On your ROKU menu Go to   home > streaming channels > top free > youtube > add channel > after youtube is installed select youtube > search > (using your remote spell out what you want to view) i.e. dog tricks > then select the displayed video you want to want.


----------



## Butterfly (Jan 24, 2016)

OOOOO!  Thank you.  So if I already have a pre-installed icon for youtube on the Roku, I'd just go to that?   Cool!  Then I could search for something, like, say, "Seconds from Disaster"?  Will it come up with a menu of things like when I do a similar internet search?  There's tons of stuff on youtube I'd like to watch.


----------



## Son_of_Perdition (Jan 24, 2016)

Butterfly said:


> OOOOO!  Thank you.  So if I already have a pre-installed icon for youtube on the Roku, I'd just go to that?   Cool!  Then I could search for something, like, say, "Seconds from Disaster"?  Will it come up with a menu of things like when I do a similar internet search?  There's tons of stuff on youtube I'd like to watch.



You have to make sure it's been added, then click on the icon, it goes to a graphic screen with pictures of videos & such.  On the top of the screen is a 'search', place your cursor there, it brings up an alphabet menu that you have to hunt & pick spelling out what you are searching for, click on the desire video & watch.  It's plays what's listed on the right automatically.  As for any type menu, I can't say they only thing I was using it for is my grandkid's 'Playdoh' videos.  If you have youtube.com on your browser screen it's probably easier to key in your search then gives you a key word to enter on your TV.  I don't know of any website that keeps tabs on the multitude of videos.  All you need is a key word to bring several up, hopefully the one you want is displayed.

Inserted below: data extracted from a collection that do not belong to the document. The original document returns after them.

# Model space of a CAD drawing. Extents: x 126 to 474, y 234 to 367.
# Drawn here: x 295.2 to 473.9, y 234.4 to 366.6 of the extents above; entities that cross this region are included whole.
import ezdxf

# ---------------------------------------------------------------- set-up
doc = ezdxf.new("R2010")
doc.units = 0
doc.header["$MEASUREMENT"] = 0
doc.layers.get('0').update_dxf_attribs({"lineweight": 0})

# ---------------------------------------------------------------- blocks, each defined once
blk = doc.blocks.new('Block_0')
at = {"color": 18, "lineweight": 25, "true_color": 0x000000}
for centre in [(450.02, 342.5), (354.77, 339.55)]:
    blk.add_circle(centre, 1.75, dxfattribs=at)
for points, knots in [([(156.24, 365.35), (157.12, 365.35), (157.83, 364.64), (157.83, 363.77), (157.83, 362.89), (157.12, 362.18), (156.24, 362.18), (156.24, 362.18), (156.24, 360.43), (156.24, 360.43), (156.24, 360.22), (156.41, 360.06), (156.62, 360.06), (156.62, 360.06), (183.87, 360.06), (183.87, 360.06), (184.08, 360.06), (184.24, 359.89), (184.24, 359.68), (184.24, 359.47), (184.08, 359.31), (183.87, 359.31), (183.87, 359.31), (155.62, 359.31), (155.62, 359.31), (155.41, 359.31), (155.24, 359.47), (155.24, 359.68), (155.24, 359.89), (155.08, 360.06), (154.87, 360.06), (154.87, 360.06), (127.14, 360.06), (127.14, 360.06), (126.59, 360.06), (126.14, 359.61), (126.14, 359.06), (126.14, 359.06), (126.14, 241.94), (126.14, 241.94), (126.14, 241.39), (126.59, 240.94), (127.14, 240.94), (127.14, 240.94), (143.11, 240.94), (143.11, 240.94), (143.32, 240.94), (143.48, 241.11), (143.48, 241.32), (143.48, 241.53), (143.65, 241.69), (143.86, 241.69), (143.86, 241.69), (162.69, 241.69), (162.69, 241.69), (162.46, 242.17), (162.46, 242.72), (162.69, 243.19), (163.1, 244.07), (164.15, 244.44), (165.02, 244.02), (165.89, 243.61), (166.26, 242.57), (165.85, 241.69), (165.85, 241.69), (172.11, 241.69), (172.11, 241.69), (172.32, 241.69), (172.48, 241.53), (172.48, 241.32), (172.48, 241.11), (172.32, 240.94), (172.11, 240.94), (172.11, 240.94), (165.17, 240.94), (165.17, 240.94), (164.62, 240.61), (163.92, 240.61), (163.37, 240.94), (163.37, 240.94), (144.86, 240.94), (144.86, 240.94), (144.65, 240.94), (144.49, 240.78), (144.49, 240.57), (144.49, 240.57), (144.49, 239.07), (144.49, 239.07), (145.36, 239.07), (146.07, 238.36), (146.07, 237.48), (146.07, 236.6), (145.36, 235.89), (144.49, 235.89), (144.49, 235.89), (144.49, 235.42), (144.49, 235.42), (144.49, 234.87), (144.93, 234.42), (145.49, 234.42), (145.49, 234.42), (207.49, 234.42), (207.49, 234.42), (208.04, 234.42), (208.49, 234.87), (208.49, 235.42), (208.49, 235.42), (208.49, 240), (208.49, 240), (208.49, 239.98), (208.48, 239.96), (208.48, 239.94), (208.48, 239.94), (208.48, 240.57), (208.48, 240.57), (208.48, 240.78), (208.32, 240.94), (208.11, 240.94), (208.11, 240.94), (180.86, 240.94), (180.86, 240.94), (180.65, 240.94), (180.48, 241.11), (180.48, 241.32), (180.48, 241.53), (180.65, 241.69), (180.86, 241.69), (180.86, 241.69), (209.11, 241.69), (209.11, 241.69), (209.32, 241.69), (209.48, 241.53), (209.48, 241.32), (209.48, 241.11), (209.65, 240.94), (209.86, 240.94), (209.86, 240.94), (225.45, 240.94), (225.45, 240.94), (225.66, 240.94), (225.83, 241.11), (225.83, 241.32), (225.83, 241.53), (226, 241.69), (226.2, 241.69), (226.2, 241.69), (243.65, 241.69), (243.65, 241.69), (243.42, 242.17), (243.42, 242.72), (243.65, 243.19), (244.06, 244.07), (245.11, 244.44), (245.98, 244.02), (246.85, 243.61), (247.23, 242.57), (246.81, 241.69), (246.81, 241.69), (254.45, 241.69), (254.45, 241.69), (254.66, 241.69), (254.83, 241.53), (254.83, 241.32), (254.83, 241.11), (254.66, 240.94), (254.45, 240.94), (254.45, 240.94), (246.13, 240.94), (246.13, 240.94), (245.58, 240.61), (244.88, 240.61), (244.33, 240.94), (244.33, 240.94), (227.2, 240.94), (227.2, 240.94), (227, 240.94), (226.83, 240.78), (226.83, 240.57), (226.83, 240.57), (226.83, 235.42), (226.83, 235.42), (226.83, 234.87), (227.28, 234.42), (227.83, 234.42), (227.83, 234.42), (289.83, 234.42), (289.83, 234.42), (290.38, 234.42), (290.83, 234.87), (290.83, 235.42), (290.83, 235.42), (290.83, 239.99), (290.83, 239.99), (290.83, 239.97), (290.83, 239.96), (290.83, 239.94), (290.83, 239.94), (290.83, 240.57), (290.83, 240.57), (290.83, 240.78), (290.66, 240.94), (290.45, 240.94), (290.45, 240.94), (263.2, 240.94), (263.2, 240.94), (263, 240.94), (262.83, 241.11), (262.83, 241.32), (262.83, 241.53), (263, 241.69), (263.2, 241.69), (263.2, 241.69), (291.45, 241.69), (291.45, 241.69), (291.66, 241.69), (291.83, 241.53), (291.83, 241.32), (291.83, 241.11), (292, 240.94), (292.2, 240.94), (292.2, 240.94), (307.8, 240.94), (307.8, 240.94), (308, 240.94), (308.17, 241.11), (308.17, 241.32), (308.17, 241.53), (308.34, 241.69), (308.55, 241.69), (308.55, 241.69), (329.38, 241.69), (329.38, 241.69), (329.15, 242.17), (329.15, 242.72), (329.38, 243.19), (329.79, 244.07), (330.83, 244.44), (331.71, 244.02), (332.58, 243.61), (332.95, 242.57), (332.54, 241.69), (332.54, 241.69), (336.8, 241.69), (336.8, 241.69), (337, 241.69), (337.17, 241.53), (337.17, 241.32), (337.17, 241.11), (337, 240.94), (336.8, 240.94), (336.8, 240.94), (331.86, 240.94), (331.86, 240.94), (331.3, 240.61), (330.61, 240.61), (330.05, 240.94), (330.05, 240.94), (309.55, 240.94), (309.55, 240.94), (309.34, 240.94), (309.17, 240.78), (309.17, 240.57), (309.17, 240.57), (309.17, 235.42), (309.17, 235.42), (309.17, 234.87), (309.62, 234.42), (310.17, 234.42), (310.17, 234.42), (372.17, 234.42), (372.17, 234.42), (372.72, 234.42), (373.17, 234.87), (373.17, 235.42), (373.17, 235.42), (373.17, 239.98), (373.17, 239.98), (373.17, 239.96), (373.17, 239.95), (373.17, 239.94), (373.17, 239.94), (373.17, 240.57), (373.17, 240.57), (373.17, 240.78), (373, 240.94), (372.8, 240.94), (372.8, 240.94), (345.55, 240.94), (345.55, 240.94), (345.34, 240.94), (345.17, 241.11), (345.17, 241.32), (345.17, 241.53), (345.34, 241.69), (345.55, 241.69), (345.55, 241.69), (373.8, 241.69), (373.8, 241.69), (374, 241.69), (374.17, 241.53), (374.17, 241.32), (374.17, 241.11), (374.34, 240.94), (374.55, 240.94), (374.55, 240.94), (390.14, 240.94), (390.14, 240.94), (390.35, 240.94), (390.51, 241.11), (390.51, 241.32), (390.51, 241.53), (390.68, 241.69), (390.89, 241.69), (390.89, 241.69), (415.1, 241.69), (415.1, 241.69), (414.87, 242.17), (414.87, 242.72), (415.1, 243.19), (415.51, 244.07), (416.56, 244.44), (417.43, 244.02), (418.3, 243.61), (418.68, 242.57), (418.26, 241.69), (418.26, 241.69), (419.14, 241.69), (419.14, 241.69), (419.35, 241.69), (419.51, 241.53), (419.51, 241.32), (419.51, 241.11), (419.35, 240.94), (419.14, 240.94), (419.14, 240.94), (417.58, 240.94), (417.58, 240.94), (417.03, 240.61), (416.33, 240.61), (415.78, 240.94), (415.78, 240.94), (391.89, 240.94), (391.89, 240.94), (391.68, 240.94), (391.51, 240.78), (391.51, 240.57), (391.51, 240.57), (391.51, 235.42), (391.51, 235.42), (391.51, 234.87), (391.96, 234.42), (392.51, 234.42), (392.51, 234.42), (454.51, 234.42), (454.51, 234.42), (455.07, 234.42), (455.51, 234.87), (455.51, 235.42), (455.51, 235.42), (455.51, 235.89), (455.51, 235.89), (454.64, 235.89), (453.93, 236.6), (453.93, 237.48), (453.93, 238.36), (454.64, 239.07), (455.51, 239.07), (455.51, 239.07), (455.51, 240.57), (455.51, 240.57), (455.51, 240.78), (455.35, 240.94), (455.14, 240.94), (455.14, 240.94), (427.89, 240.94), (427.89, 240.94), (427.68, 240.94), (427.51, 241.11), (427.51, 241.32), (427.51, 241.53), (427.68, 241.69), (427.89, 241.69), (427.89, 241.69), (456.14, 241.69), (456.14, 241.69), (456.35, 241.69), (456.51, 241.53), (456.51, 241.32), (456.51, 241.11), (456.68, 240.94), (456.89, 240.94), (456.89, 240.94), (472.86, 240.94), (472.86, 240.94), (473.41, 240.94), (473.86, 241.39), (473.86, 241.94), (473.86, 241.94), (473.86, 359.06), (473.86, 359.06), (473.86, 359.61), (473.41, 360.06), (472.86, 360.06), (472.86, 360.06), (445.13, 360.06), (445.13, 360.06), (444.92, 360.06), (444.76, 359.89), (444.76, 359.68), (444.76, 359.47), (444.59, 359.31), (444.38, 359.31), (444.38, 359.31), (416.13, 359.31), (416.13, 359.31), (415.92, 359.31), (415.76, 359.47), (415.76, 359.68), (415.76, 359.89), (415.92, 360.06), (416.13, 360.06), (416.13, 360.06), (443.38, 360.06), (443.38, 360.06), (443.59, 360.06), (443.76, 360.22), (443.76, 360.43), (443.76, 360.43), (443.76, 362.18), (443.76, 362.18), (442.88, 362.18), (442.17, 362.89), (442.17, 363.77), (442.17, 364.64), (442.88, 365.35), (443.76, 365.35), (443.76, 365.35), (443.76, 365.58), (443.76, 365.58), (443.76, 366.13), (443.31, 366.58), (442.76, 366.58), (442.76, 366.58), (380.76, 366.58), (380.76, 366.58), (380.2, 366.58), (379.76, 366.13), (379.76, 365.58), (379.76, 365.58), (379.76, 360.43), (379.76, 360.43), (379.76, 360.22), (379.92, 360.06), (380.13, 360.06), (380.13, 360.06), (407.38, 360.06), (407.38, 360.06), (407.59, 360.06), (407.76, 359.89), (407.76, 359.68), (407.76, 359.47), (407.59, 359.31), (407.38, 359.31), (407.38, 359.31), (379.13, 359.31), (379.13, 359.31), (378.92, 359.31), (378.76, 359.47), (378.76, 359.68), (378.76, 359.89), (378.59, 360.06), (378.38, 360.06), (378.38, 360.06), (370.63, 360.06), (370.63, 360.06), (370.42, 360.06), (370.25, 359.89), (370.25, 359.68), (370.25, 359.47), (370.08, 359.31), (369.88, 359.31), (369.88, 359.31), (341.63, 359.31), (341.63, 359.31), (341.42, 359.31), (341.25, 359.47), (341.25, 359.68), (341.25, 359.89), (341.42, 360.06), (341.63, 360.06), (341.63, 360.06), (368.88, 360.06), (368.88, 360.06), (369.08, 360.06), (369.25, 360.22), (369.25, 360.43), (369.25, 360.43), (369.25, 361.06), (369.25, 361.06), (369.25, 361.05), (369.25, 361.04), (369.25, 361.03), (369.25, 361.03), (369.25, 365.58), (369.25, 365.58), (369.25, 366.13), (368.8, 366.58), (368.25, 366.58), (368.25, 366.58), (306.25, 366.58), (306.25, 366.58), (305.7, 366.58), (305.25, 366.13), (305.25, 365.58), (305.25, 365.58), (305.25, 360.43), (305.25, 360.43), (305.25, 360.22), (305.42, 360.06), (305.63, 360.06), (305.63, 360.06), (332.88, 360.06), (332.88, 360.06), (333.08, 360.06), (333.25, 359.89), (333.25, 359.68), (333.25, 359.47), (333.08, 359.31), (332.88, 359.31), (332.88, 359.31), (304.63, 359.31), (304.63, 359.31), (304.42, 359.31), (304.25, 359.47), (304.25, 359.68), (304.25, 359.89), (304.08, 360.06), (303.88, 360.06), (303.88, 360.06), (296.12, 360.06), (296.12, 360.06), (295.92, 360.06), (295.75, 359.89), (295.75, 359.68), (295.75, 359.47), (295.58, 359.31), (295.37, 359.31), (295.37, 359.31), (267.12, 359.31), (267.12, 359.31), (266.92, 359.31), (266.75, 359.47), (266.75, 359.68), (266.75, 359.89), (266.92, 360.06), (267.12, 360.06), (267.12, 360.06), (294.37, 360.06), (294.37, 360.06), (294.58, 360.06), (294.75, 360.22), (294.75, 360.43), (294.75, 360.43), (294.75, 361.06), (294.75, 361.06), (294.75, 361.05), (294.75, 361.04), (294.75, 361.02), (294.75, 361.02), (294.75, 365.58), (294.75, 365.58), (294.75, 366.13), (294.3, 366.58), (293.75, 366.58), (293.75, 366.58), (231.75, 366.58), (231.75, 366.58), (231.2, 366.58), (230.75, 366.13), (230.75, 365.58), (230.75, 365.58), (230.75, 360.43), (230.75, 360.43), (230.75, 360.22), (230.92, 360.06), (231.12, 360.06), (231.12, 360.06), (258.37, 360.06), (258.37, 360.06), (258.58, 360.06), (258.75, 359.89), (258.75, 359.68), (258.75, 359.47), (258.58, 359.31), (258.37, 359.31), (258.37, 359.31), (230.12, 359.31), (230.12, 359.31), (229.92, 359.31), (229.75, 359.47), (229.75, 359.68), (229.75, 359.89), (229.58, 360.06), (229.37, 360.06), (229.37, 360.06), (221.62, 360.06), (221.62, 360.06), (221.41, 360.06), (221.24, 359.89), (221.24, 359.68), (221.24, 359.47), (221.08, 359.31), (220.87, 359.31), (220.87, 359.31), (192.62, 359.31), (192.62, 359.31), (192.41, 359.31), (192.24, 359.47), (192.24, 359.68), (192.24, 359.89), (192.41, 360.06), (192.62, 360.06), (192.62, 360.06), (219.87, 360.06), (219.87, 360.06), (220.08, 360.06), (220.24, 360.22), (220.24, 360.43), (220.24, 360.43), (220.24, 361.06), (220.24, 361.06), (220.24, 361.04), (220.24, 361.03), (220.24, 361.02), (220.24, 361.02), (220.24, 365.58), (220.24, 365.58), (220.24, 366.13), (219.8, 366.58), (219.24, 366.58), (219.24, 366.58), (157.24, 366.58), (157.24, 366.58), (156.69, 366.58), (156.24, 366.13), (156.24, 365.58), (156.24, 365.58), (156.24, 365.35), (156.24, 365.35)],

Added:  I have to correct a previous statement I made about tubitv being completely ad free, I watched a few off the wall videos, parts of some foreign/international movies & noticed some had ads, some didn't.  The two movies I watched later had NO ads, the information from Wikipedia noted that they are funded by advertising, so it stands to reason you have to suffer through commercials on a limited basis.


----------



## SifuPhil (Jan 24, 2016)

Son_of_Perdition said:


> Added:  I have to correct a previous statement I made about tubitv being completely ad free, I watched a few off the wall videos, parts of some foreign/international movies & noticed some had ads, some didn't.  The two movies I watched later had NO ads, the information from Wikipedia noted that they are funded by advertising, so it stands to reason you have to suffer through commercials on a limited basis.



Yeah, I've run into that as well. Plus, it tells me to disable AdBloc, I do so on that site, keep reloading and it still won't let me watch. It's acting funky.

I heard they just got millions of dollars from MGM and another studio, so I don't see why they need ads. 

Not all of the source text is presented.